第2章 異界の町と黒衣の魔女
岩壁に穿たれた洞窟を抜けた瞬間、視界が弾ける。
そこに広がっていたのは、地上のどこにも存在しない光景だった。
空は薄い紫色に霞み、双つの太陽がゆらめいている。足元の大地は黒曜石のように鈍く光り、風は乾いて金属の匂いを含んでいた。
ここが――“異世界”か。
「……また、とんでもないとこに放り込まれたわね」
マナは肩をすくめ、溜息をついた。
隣ではレイナが無言で環境データを計測している。手首の端末に映る数値を確認しながら、淡々と告げた。

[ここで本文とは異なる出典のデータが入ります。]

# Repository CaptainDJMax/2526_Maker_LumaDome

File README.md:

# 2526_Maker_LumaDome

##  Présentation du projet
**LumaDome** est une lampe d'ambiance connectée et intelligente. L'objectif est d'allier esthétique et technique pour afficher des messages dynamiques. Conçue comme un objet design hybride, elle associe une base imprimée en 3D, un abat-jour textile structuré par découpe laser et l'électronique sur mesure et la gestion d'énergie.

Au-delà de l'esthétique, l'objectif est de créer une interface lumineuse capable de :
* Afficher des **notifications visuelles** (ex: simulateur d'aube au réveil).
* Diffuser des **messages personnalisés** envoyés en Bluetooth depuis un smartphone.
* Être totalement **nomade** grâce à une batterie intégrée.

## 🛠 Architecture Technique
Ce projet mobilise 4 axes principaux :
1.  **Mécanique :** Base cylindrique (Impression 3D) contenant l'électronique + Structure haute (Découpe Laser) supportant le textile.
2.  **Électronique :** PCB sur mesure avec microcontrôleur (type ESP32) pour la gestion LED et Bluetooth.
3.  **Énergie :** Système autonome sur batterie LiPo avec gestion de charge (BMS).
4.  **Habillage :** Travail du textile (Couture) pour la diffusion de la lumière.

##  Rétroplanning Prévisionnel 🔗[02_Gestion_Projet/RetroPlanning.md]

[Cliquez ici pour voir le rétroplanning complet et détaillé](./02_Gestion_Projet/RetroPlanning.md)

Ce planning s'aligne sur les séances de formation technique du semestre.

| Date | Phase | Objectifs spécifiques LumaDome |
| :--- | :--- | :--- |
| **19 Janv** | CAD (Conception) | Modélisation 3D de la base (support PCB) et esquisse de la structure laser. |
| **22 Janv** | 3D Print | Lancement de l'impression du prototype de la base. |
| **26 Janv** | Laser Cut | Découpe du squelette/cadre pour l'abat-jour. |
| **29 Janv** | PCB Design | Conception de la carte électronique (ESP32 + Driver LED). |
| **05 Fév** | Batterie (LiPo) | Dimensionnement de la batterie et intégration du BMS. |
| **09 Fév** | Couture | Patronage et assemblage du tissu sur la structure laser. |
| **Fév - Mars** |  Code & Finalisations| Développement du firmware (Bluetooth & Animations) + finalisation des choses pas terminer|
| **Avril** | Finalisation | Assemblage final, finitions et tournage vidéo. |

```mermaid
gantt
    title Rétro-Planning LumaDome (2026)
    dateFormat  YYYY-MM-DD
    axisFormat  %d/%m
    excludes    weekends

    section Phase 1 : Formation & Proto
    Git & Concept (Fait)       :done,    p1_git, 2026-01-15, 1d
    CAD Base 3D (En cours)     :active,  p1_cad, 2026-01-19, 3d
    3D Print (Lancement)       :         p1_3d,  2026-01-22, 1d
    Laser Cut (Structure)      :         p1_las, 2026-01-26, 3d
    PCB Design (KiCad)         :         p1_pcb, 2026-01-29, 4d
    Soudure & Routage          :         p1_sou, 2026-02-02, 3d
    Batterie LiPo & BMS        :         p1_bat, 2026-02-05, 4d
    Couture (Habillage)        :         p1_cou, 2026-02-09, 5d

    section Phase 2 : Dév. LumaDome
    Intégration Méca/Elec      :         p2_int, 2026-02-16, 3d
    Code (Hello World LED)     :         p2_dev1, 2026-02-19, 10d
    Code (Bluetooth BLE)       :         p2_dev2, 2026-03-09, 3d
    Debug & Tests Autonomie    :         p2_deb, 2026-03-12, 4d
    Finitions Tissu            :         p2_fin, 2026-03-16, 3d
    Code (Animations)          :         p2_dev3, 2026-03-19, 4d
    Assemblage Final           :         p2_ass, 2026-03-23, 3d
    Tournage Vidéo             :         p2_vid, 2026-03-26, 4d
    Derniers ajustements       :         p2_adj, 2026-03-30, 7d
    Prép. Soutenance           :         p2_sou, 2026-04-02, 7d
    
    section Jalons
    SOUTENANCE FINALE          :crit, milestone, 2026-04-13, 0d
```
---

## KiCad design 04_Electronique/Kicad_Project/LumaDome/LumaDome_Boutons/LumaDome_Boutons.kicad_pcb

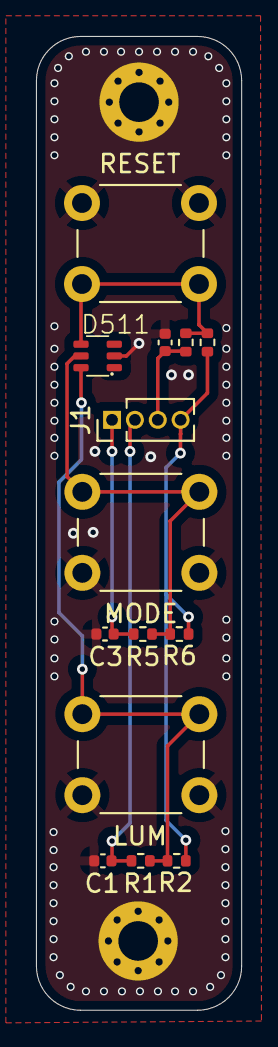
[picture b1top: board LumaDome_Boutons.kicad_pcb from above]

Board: 2 copper layers, 11.4 x 54.1 mm, 16 parts (0 on the bottom side), 8 nets.

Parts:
C1, C2, C3: 10n; C_0402_1005Metric
D511: WE 82402375; SC70-6L
H101, H102: MountingHole_Pad; MountingHole_2.2mm_M2_Pad_Via
J1: Conn_01x04; PinHeader_1x04_P1.27mm_Vertical
R1, R2, R3, R4, R5, R6: 10k; R_0402_1005Metric
SW1, SW2, SW3: SW_Push; SW_PUSH_6mm

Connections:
+3.3V: J1.4, R2.2, R4.2, R6.2
/Luminosity_b: D511.6 (I/O), R1.2, R2.1, SW3.1
/Luminosity_button: C1.1, J1.2, R1.1
/Mode_b: D511.5 (I/O), R5.2, R6.1, SW1.1
/Mode_button: C3.1, J1.1, R5.1
/Reset_b: D511.4 (I/O), R3.2, R4.1, SW2.1
/Reset_button: C2.1, J1.3, R3.1
GND: C1.2, C2.2, C3.2, D511.2 (GND), H101.1, H102.1, SW1.2, SW2.2, SW3.2

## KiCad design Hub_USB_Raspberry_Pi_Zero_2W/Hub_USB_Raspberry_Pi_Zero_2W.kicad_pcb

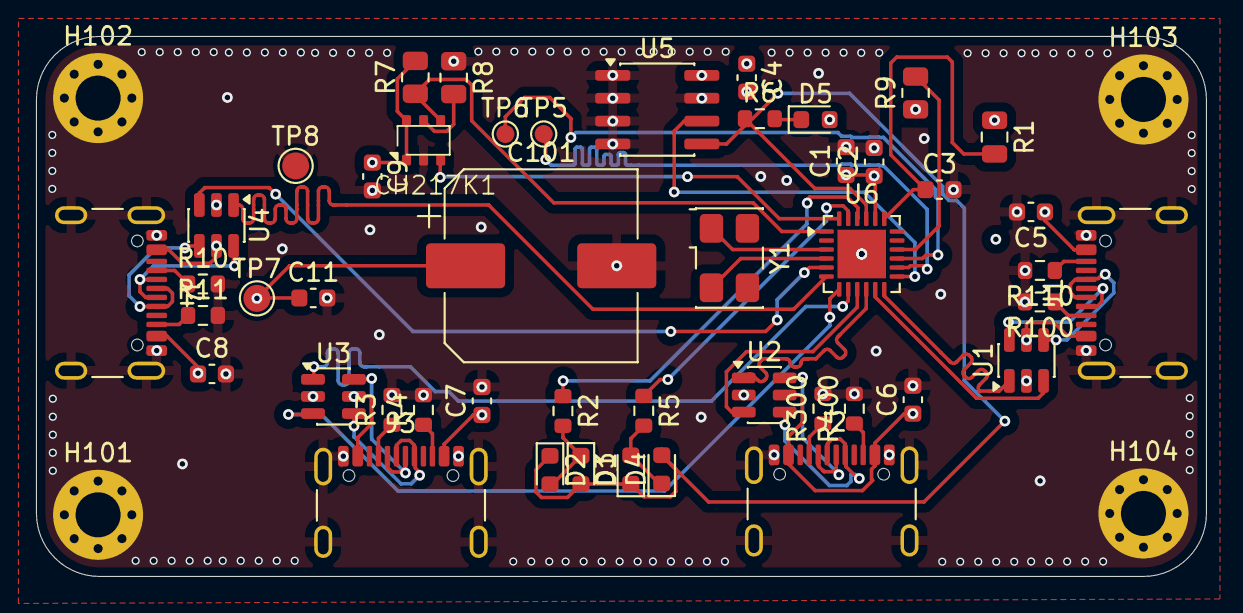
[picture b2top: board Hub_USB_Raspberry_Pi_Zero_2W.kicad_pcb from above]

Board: 4 copper layers, 65.0 x 30.0 mm, 51 parts (0 on the bottom side), 43 nets.

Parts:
C1, C3, C9: 10uF; C_0603_1608Metric
C2: 0.1uF; C_0603_1608Metric
C4: 100nF; C_0603_1608Metric
C5, C6, C7, C8: 100uF; C_0603_1608Metric
C11: 1uF; C_0603_1608Metric
C101: 470uF; CP_Elec_10x10.5
CH217K1: CH217K; CH217DS1
D1, D2, D3, D4: GREEN_LED; LED_0603_1608Metric
D5: RED_LED; LED_0603_1608Metric
H101, H102, H103, H104: MountingHole_Pad; MountingHole_2.5mm_Pad_Via
J1, J2, J3, J4: USB_C_Receptacle_USB2.0_16P; USB_C_Receptacle_GCT_USB4105-xx-A_16P_TopMnt_Horizontal
R1: 0; Fuse_0805_2012Metric
R2, R5: 220; R_0603_1608Metric
R3, R4, R10, R11, R100, R110, R300, R400: 5.1k; R_0603_1608Metric
R6: 10k; R_0603_1608Metric
R7: NC(56k); R_0805_2012Metric
R8: 56k; R_0805_2012Metric
R9: NC(4k7); R_0805_2012Metric
TP5: Data -; TestPoint_Pad_D1.0mm
TP6: Data +; TestPoint_Pad_D1.0mm
TP7: Alim; TestPoint_Pad_D1.5mm
TP8: Masse; TestPoint_Pad_D1.5mm
U1, U2, U3, U4: USBLC6-2SC6; SOT-23-6
U5: 24C02Cx-x-SN; SOIC-8_3.9x4.9mm_P1.27mm
U6: CH334F; QFN-24-1EP_4x4mm_P0.5mm_EP2.7x2.7mm
Y1: 12 MHZ; Crystal_SMD_5032-4Pin_5.0x3.2mm

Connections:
+3V3: C1.1, C2.1, C4.1, D5.2 (A), R9.1, U5.8 (VCC), U6.20 (VDD33_{LDO})
+5V: C5.1, C6.1, C7.1, C8.1, C9.1, C11.1, C101.1, CH217K1.1 (VIN), CH217K1.6 (VOUT), J1.A4 (VBUS), J1.A9 (VBUS), J1.B4 (VBUS), J1.B9 (VBUS), J2.A4 (VBUS), J2.A9 (VBUS), J2.B4 (VBUS), J2.B9 (VBUS), J3.A4 (VBUS), J3.A9 (VBUS), J3.B4 (VBUS), J3.B9 (VBUS), J4.A4 (VBUS), J4.A9 (VBUS), J4.B4 (VBUS), J4.B9 (VBUS), R1.1, R7.2, TP7.1, U1.5 (VBUS), U2.5 (VBUS), U3.5 (VBUS), U4.5 (VBUS)
/USB1/D+: J2.A6 (D+), J2.B6 (D+), U2.4 (I/O2)
/USB1/D-: J2.A7 (D-), J2.B7 (D-), U2.6 (I/O1)
/USB2/D+: J3.A6 (D+), J3.B6 (D+), U3.4 (I/O2)
/USB2/D-: J3.A7 (D-), J3.B7 (D-), U3.6 (I/O1)
/USB3/D+: J4.A6 (D+), J4.B6 (D+), U4.4 (I/O2)
/USB3/D-: J4.A7 (D-), J4.B7 (D-), U4.6 (I/O1)
/USB HUB controller/DM1-: U1.3 (I/O2), U6.11 (DM1-)
/USB HUB controller/DM2-: U2.3 (I/O2), U6.9 (DM2-)
/USB HUB controller/DM3-: U3.3 (I/O2), U6.7 (DM3-)
/USB HUB controller/DM4-: U4.3 (I/O2), U6.5 (DM4-)
/USB HUB controller/DP1+: U1.1 (I/O1), U6.12 (DP1+)
/USB HUB controller/DP2+: U2.1 (I/O1), U6.10 (DP2+)
/USB HUB controller/DP3+: U3.1 (I/O1), U6.8 (DP3+)
/USB HUB controller/DP4+: U4.1 (I/O1), U6.6 (DP4+)
/USB HUB controller/LED1: R2.1, U6.22 (LED1)
/USB HUB controller/LED2: R5.1, U6.23 (LED2)
/USB HUB controller/LED3/SCL: U5.6 (SCL), U6.13 (LED3/SCL)
/USB HUB controller/LED4/SDA: D1.2 (A), D2.1 (K), D3.1 (K), D4.2 (A), R6.1, U5.5 (SDA), U6.21 (LED4/SDA)
/USB HUB controller/OVCUR#: CH217K1.4 (FLAG#), R7.1, U6.1 (~OVCUR)
/USB HUB controller/~PWREN: CH217K1.3 (EN#), U6.24 (~PWREN)
/USB/D+: J1.A6 (D+), J1.B6 (D+), U1.4 (I/O2)
/USB/D-: J1.A7 (D-), J1.B7 (D-), U1.6 (I/O1)
GND: C1.2, C2.2, C3.2, C4.2, C5.2, C6.2, C7.2, C8.2, C9.2, C11.2, C101.2, CH217K1.2 (GND), H101.1, H102.1, H103.1, H104.1, J1.A1 (GND), J1.A12 (GND), J1.B1 (GND), J1.B12 (GND), J1.S1 (SHIELD), J2.A1 (GND), J2.A12 (GND), J2.B1 (GND), J2.B12 (GND), J2.S1 (SHIELD), J3.A1 (GND), J3.A12 (GND), J3.B1 (GND), J3.B12 (GND), J3.S1 (SHIELD), J4.A1 (GND), J4.A12 (GND), J4.B1 (GND), J4.B12 (GND), J4.S1 (SHIELD), R3.2, R4.2, R8.1, R10.2, R11.2, R100.2, R110.2, R300.2, R400.2, TP8.1, U1.2 (GND), U2.2 (GND), U3.2 (GND), U4.2 (GND), U5.1 (A0), U5.2 (A1), U5.3 (A2), U5.4 (GND), U5.7 (WP), U6.25 (GND)
unnamed: CH217K1.5 (ISET), R8.2
unnamed: D1.1 (K), D2.2 (A), R2.2
unnamed: D3.2 (A), D4.1 (K), R5.2
unnamed: D5.1 (K), R6.2
unnamed: J1.A5 (CC1), R100.1
unnamed: J1.B5 (CC2), R110.1
unnamed: J2.A5 (CC1), R300.1
unnamed: J2.B5 (CC2), R400.1
unnamed: J3.A5 (CC1), R3.1
unnamed: J3.B5 (CC2), R4.1
unnamed: J4.A5 (CC1), R10.1
unnamed: J4.B5 (CC2), R11.1
unnamed: TP5.1, U6.14 (DMU-)
unnamed: TP6.1, U6.15 (DPU+)
unnamed: C3.1, R1.2, U6.19 (V5)
unnamed: U6.4 (XI), Y1.2
unnamed: U6.3 (XO), Y1.1
unnamed: R9.2, U6.16 (~RESET/CDP)

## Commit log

2026-01-18 Initialisation structure LumaDome
2026-01-18 Ajout du retro planning et maj readme
2026-01-18 MAJ readme
2026-01-25 MAJ seance 3
2026-01-25 MAJ seance 3 + ajout photo
2026-01-28 Seance 04
2026-01-29 seance 5
2026-02-02 new pcb raspberry
2026-02-05 Update kicad HUB
2026-02-09 CB avançage
2026-02-09 Finalisation Routage PCB HUB
2026-02-16 seance 6et7 + finalisation Kicad
2026-03-09 Finalisation premier PCB
2026-05-05 Update and rename 05_Code to Lien_video_LumaDome

「気圧は地球標準値に近い。酸素濃度も生存圏内。放射線量……問題なし。居住可能」
「なら少なくとも、呼吸困難で死ぬことはなさそうね」
マナは軽口を叩きつつも、腰の装備に手を添える。未知の空間では、何が敵となるかわからない。
***
二人は岩場を抜け、やがて人工物の影を見つけた。
丘の下に、町があった。
石造りの建物が並び、煙突からは白い煙が上がっている。街道を行き交う人々の姿もある。
それは確かに“人間の暮らし”を思わせる光景だった。
「……人間がいる、ってことか」
マナは小声でつぶやく。
ただし、その安心感はすぐに打ち砕かれることになる。
町の門前で警備の男に声をかけられた。
だが――何を言っているのか、まったくわからない。
「……え?」
マナはきょとんとした顔で固まる。
耳に入るのは、聞いたことのない発音の連続。どこかラテン語にも似ているが、違う。
こちらが日本語で答えても、当然通じるはずがない。
結局、やりとりは失敗し、怪訝そうな視線だけを向けられてしまった。
「……言語障害。翻訳不能」
レイナが端末を操作するが、機械翻訳すら追いつかない。
「言語データが存在しない。対応不可」
「うそでしょ……ここに来て言葉の壁とか、ほんとやめてほしいわ」
マナは頭をかき、どうしたものかと周囲を見渡す。
困り果てたその時――。
「……迷っているのかい?」
澄んだ女の声が耳を打った。
振り返ると、町の路地に佇む黒衣の女性がいた。
背丈はマナたちと変わらないが、長い黒髪を帽子に収め、肩からマントを羽織っている。その姿は、まるで絵本に出てくる“魔女”そのものだった。
そして不思議なことに、彼女の言葉だけは意味を理解できた。
「……あんた、こっちの言葉がわかるの?」
マナが警戒を込めて問いかける。
「わかる、というより……通じる、かしらね」
女は微笑んだ。どこか底知れない、しかし敵意のない笑み。
「言葉より先に、心の声を見せてごらん。そうすれば、なんとなく伝わるものよ」
彼女は身振りで「ついておいで」と示した。
マナとレイナは視線を交わす。無表情の相棒は、わずかに頷いた。
「……仕方ない。行くか」
マナは肩を落とし、魔女のような女性の後を追う。
二人は町を抜け、やがて木造の家にたどり着いた。
煙突から煙の立つその家は、どこか懐かしい香りを漂わせていた。
「ようこそ。ここが私の“家”よ」
黒衣の女性は扉を開け、二人を中へ招き入れる。